Ich denke dir fehlt der eigentliche Raid1 Verbund (ein Device aus beiden Platten)

Bei dir sind ja beide einzelnen Platten sichtbar....

Was ist den das für ein Controller?

----------

## teck

Dass beide Platten sichtbar sind, hat mich auch schon gewundert.

Der RAID-Controller ist on Board:

GIGABYITE

Ultra Durable 3 Motherboard

GA-EP45-UD3LR/GA-EP45-UD3L

Wenn ich dort in die RAID-Konfiguration gehe, dann wird eindeutig ein gespiegeltes RAID-1 der beiden Festplatten angezeigt. Und bootable steht auf "yes".

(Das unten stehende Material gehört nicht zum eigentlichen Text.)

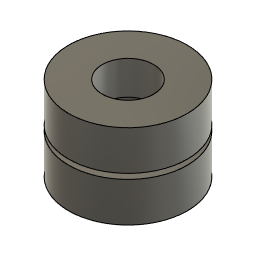
Numisheet_BM-1 (Autodesk Fusion 360 design; units mm, degrees)
Autodesk Fusion 360 part; units mm, degrees
sketch "Sketch1" plane through (0, 0, 0) normal (0, 0, 1) x (1, 0, 0) in component "Blank"
  line L0 (15, 0) -> (107.5, 0)
  line L1 (107.5, 0) -> (107.5, 1.2)
  line L2 (107.5, 1.2) -> (15, 1.2)
  line L3 (15, 1.2) -> (15, 0)
  line L4 (0, 0) -> (15, 0) construction
  dimension "d1" = 15
  dimension "d2" = 1.2
  dimension "d3" = 107.5
  constraint coincident L4.start origin
  constraint horizontal L0
  constraint vertical L1
  constraint horizontal L2
  constraint vertical L3
  constraint perpendicular L3 L4
  measures "d1" distance of L3 L4.start
  measures "d2" distance of L0.end L1.end
  measures "d3" distance of L4.start L0.end
sketch "Sketch1 (2)" plane through (0, 0, 0) normal (0, 0, 1) x (1, 0, 0) in component "Punch"
  line L0 (0, -1) -> (35, -1)
  arc A0 (50, -16) -> (35, -1) centre (35, -16) ccw
  line L1 (50, -16) -> (50, -101)
  line L2 (50, -101) -> (0, -101)
  line L3 (0, -101) -> (0, -1)
  line L4 (0, 0) -> (0, -1) construction
  dimension "d4" = 1
  dimension "d5" = 15
  dimension "d6" = 50
  dimension "d7" = 100
  constraint horizontal L0
  constraint tangent L0 A0
  constraint perpendicular L0 L1
  constraint perpendicular L1 L2
  constraint perpendicular L0 L3
  constraint coincident L4.start origin
  constraint perpendicular L0 L4
  constraint tangent A0 L1
  measures "d4" distance of L0.start L4.start
  measures "d5" radius of A0
  measures "d6" distance of L1 L3
  measures "d7" distance of L0 L2
revolve "Revolve1" add sketch "Sketch1" angle 360 about axis through (0, 1.75, 0) along (0, 1, 0) makes body 1 in component "Blank"
revolve "Revolve1'" add sketch "Sketch1 (2)" angle 360 about axis through (0, 1.75, 0) along (0, 1, 0) separate body makes body 2 in component "Punch"
sketch "Sketch1 (3)" plane through (0, 0, 0) normal (0, 0, 1) x (1, 0, 0) in component "Lower Die"
  line L0 (150, -101) -> (51, -101)
  line L1 (51, -101) -> (51, -1)
  line L2 (150, -1) -> (150, -101)
  line L3 (0, 0) -> (145.9658, 0) construction
  line L4 (95, -3) -> (95, -7)
  line L5 (95, -7) -> (100, -7)
  line L6 (100, -7) -> (100, -3)
  line L7 (51, -1) -> (93, -1)
  line L8 (102, -1) -> (150, -1)
  arc A0 (95, -3) -> (93, -1) centre (93, -3) ccw
  arc A1 (102, -1) -> (100, -3) centre (102, -3) ccw
  line L9 (0, 0) -> (0, -124.5009) construction
  dimension "d10" = 1
  dimension "d11" = 100
  dimension "d12" = 5
  dimension "d13" = 6
  dimension "d14" = 2
  dimension "d15" = 95
  dimension "d16" = 51
  dimension "d17" = 150
  constraint horizontal L0
  constraint vertical L1
  constraint horizontal L7
  constraint vertical L2
  constraint coincident L3.start L9.start
  constraint parallel L3 L7
  constraint perpendicular L4 L7
  constraint perpendicular L4 L5
  constraint perpendicular L6 L7
  constraint collinear L7 L8
  constraint tangent L4 A0
  constraint tangent L7 A0
  constraint tangent L6 A1
  constraint tangent L8 A1
  constraint equal A0 A1
  constraint perpendicular L3 L9
  measures "d10" distance of L3 L7
  measures "d11" distance of L0.start L2.start
  measures "d12" distance of L4.end L5.end
  measures "d13" distance of L5 L8
  measures "d14" radius of A0
  measures "d15" distance of L4 L9
  measures "d16" distance of L1 L9
  measures "d17" distance of L2 L9
revolve "Revolve1''" add sketch "Sketch1 (3)" angle 360 about axis through (0, 1.75, 0) along (0, 1, 0) separate body makes body 3 in component "Lower Die"
sketch "Sketch1 (4)" plane through (0, 0, 0) normal (0, 0, 1) x (1, 0, 0) in component "Upper Die"
  line L0 (130, 0) -> (0, 0) construction
  line L1 (0, 0) -> (0, 125) construction
  line L2 (65, 27.2) -> (65, 112.2)
  line L3 (65, 112.2) -> (150, 112.2)
  line L4 (150, 112.2) -> (150, 12.2)
  arc A0 (65, 27.2) -> (80, 12.2) centre (80, 27.2) ccw
  line L5 (103.7642, 12.2) -> (106.1888, 12.2)
  line L6 (95.5774, 11.2) -> (96.634, 9.3699)
  line L7 (98.366, 9.3699) -> (99.4226, 11.2)
  line L8 (150, 12.2) -> (101.1547, 12.2)
  line L9 (93.8453, 12.2) -> (80, 12.2)
  arc A1 (95.5774, 11.2) -> (93.8453, 12.2) centre (93.8453, 10.2) ccw
  arc A2 (101.1547, 12.2) -> (99.4226, 11.2) centre (101.1547, 10.2) ccw
  arc A3 (96.634, 9.3699) -> (98.366, 9.3699) centre (97.5, 9.8699) ccw
  line L10 (101.1547, 12.2) -> (93.8453, 12.2) construction
  line L11 (95.5774, 11.2) -> (95, 12.2) construction
  line L12 (99.4226, 11.2) -> (100, 12.2) construction
  point P0 (100, 12.2)
  point P1 (95, 12.2)
  dimension "d19" = 12.2
  dimension "d20" = 15
  dimension "d21" = 100
  dimension "d22" = 65
  dimension "d23" = 60
  dimension "d24" = 120
  dimension "d25" = 2
  dimension "d27" = 1
  dimension "d28" = 95
  dimension "d29" = 100
  dimension "d30" = 150
  constraint coincident L0.end L1.start
  constraint horizontal L0
  constraint perpendicular L0 L1
  constraint horizontal L8
  constraint vertical L2
  constraint horizontal L3
  constraint vertical L4
  constraint tangent A0 L8
  constraint tangent L2 A0
  constraint coincident L5.start L8
  constraint coincident L5.end L8
  constraint collinear L8 L9
  constraint tangent L9 A1
  constraint tangent L6 A1
  constraint tangent L8 A2
  constraint tangent L7 A2
  constraint tangent L6 A3
  constraint tangent L7 A3
  constraint equal A1 A2
  constraint coincident L10 P1
  constraint coincident L10 P0
  constraint parallel L6 L11
  constraint parallel L7 L12
  constraint coincident L11 P1
  constraint coincident L12 P0
  measures "d19" distance of L0 L8
  measures "d20" radius of A0
  measures "d21" distance of L4.end L3.end
  measures "d22" distance of L1 L2
  measures "d23" angle of L6 L7
  measures "d24" angle of L6 L9
  measures "d25" radius of A1
  measures "d27" radius of A3
  measures "d28" distance of L1 P1
  measures "d29" distance of L1 P0
  measures "d30" distance of L1 L4
revolve "Revolve1'''" add sketch "Sketch1 (4)" angle 360 about axis through (0, 0, 0) along (0, 1, 0) separate body makes body 4 in component "Upper Die"
component "Blank" placed x (1, 0, 0) y (0, 1, 0) z (0, 0, 1) at (0, 0, 0)
component "Punch" placed x (1, 0, 0) y (0, 1, 0) z (0, 0, 1) at (0, 0, 0)
component "Lower Die" placed x (1, 0, 0) y (0, 1, 0) z (0, 0, 1) at (0, 0, 0)
component "Upper Die" placed x (1, 0, 0) y (0, 1, 0) z (0, 0, 1) at (0, 0, 0)

Ich habe den Verbund mit der gparted-Live CD partitioniert und anschließend waren beide Platten identisch. Danach habe ich Gentoo aufgespielt

Bevor ich Gentoo aufspielte, kam übrigens tatsächlich eine Meldung, dass man ein bootfägiges Medium einlegen sollte. Diese Meldung kommt nicht mehr.

----------

## Genone

Ich hätte das ganze ja erstmal ohne RAID Setup probiert, ein RAID-1 kann man ja relativ einfach "nachrüsten". Und von Hardware RAID kann hier ja eher nicht die Rede sein wenn das OS beide Platten sieht.

----------

## Josef.95

Ah.. ok, dann ist es ein Fake Raid

Um dies unter Linux nutzen zu können benötigst du device-mapper und dmraid

Siehe hierzu zb im Wiki RAID/Onboard

 *teck wrote:*   

> Dass beide Platten sichtbar sind, hat mich auch schon gewundert.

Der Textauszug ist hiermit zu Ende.